- _Goal of the exercise_: Somewhere below are a line with "## iProperties" and a later line with "Flat Pattern Length: 121.92 cm". Output exactly those lines and all lines between them.

- _Record set_:

⟨

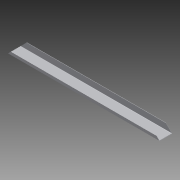
# Autodesk Inventor part: tableSide
Saved by Autodesk Inventor 2013 (Build 170138000, 138)
## iProperties
Created: 2012-10-20
Part Number: tableSide
Material: Aluminum 6061
Document SubType Name: Sheet Metal
Designer: Istvan
Density: 2.71 g/cm^3
Sheet Metal Rule: Default
Flat Pattern Width: 17.1904 cm
Flat Pattern Length: 121.92 cm
Flat Pattern Area: 2095.85 cm^2
Sheet Metal Width: 6.768 in
Sheet Metal Length: 48.000 in
Sheet Metal Area: 324.858 in^2
Author: Istvan
Autodesk Inventor part; units mm, degrees
ref_plane "YZ Plane" through (0, 0, 0) normal (1, 0, 0) x (0, 1, 0)
ref_plane "XZ Plane" through (0, 0, 0) normal (0, 1, 0) x (-1, 0, 0)
ref_plane "XY Plane" through (0, 0, 0) normal (0, 0, 1) x (1, 0, 0)
sketch "Sketch1" plane through (0, 0, 0) normal (0, 1, 0) x (-1, 0, 0)
  line L0 (0, 0) -> (1219.2, 0)
  line L1 (1219.2, 0) -> (1219.2, 101.6)
  line L2 (1219.2, 101.6) -> (0, 101.6)
  line L3 (0, 101.6) -> (0, 0)
  dimension "d0" = 1219.2
  dimension "d1" = 101.6
  measures "d0" distance of L2.end L1.end
  measures "d1" distance of L1.end L0.end
extrude "Plate1" add sketch "Sketch1" along normal blind 2.3813
sketch "Sketch2" plane through (-1219.2, 0, 2.3813) normal (0, 0, -1) x (-1, 0, 0)
  line L0 (-1219.2, 0) -> (0, 0)
  line L1 (0, 0) -> (0, 50.8)
  line L2 (0, 50.8) -> (-1219.2, 50.8)
  line L3 (-1219.2, 50.8) -> (-1219.2, 0)
  constraints: 6 end point, 1 horizontal, 1 perpendicular, 1 vertical
edge flange "Flange1" height 50.8 angle 90 thickness 2.3813 bend radius 2.3813 thickness toward (0, 0, -1) relief straight relief width 2.3813 relief depth 1.1906 edges at (-609.6, 2.3813, 0) wall of the first edge with corners at (0, 0, 2.3813) (-1219.2, 0, 2.3813) (-1219.2, 50.8, 2.3812) (0, 50.8, 2.3812)
bend "Bend1"
corner "Corner1"
sketch "Sketch3" plane through (0, 2.3813, 101.6) normal (0, 0, 1) x (1, 0, 0)
  line L0 (-1219.2, 0) -> (0, 0)
  line L1 (0, 0) -> (0, 23.0187)
  line L2 (0, 23.0187) -> (-1219.2, 23.0187)
  line L3 (-1219.2, 23.0187) -> (-1219.2, 0)
  constraints: 6 end point, 1 horizontal, 1 perpendicular, 1 vertical
edge flange "Flange2" height 25.4 angle 90 thickness 2.3813 bend radius 2.3813 thickness toward (0, 0, 1) relief straight relief width 2.3813 relief depth 1.1906 edges at (-609.6, 2.3813, 101.6) wall of the first edge with corners at (-1219.2, 2.3813, 101.6) (0, 2.3813, 101.6) (0, 25.4, 101.6) (-1219.2, 25.4, 101.6)
bend "Bend2"
corner "Corner2"
sketch "Sketch4" plane through (0, 50.8, 0) normal (0, 0, -1) x (-1, 0, 0)
  line L0 (0, 0) -> (1219.2, 0) projected
  line L1 (1219.2, -50.8) -> (0, -50.8) projected
  line L2 (1219.2, 0) -> (1219.2, -46.0375) projected
  line L3 (1219.2, -50.8) -> (1219.2, -46.0375) projected
  line L4 (0, -46.0375) -> (0, -50.8) projected
  line L5 (0, -46.0375) -> (0, 0) projected
  line L6 (0, -50.8) -> (50.8, 0)
  line L7 (1219.2, -50.8) -> (1168.4, 0)
  dimension "d24" = 45
  dimension "d25" = 45
  constraints: 4 end point, 2 point on line
  measures "d24" angle of L5 L6
  measures "d25" angle of L7 L2
extrude "Extrusion1" cut sketch "Sketch4" against normal through all contours L0 L6 L4 L5 | L0 L2 L3 L7
equation "\"d25\" = d24"
equation "\"d3\" = BendReliefWidth"
equation "\"d4\" = BendReliefDepth"
equation "\"d5\" = MinimumRemnant"
equation "\"d6\" = BendRadius"
equation "\"d9\" = BendRadius"
equation "\"d10\" = CornerReliefSize"
equation "\"d11\" = GapSize"
equation "\"d12\" = JacobiRadiusSize"
equation "\"d13\" = BendReliefWidth"
equation "\"d14\" = BendReliefDepth"
equation "\"d15\" = MinimumRemnant"
equation "\"d16\" = BendRadius"
equation "\"d19\" = BendRadius"
equation "\"d20\" = CornerReliefSize"
equation "\"d21\" = GapSize"
equation "\"d22\" = JacobiRadiusSize"
equation "\"BendRadius\" = Thickness"
equation "\"BendReliefWidth\" = Thickness"
equation "\"BendReliefDepth\" = 0.5 * Thickness"
equation "\"CornerReliefSize\" = 4 * Thickness"
equation "\"MinimumRemnant\" = 2 * Thickness"
equation "\"TransitionRadius\" = BendRadius"
equation "\"JacobiRadiusSize\" = BendRadius"
equation "\"GapSize\" = Thickness"
equation "\"d2\" = BendRadius"
equation "\"Thickness\" = 2.38125"
body "Solid1"

⟩

- _Your solution_:
## iProperties
Created: 2012-10-20
Part Number: tableSide
Material: Aluminum 6061
Document SubType Name: Sheet Metal
Designer: Istvan
Density: 2.71 g/cm^3
Sheet Metal Rule: Default
Flat Pattern Width: 17.1904 cm
Flat Pattern Length: 121.92 cm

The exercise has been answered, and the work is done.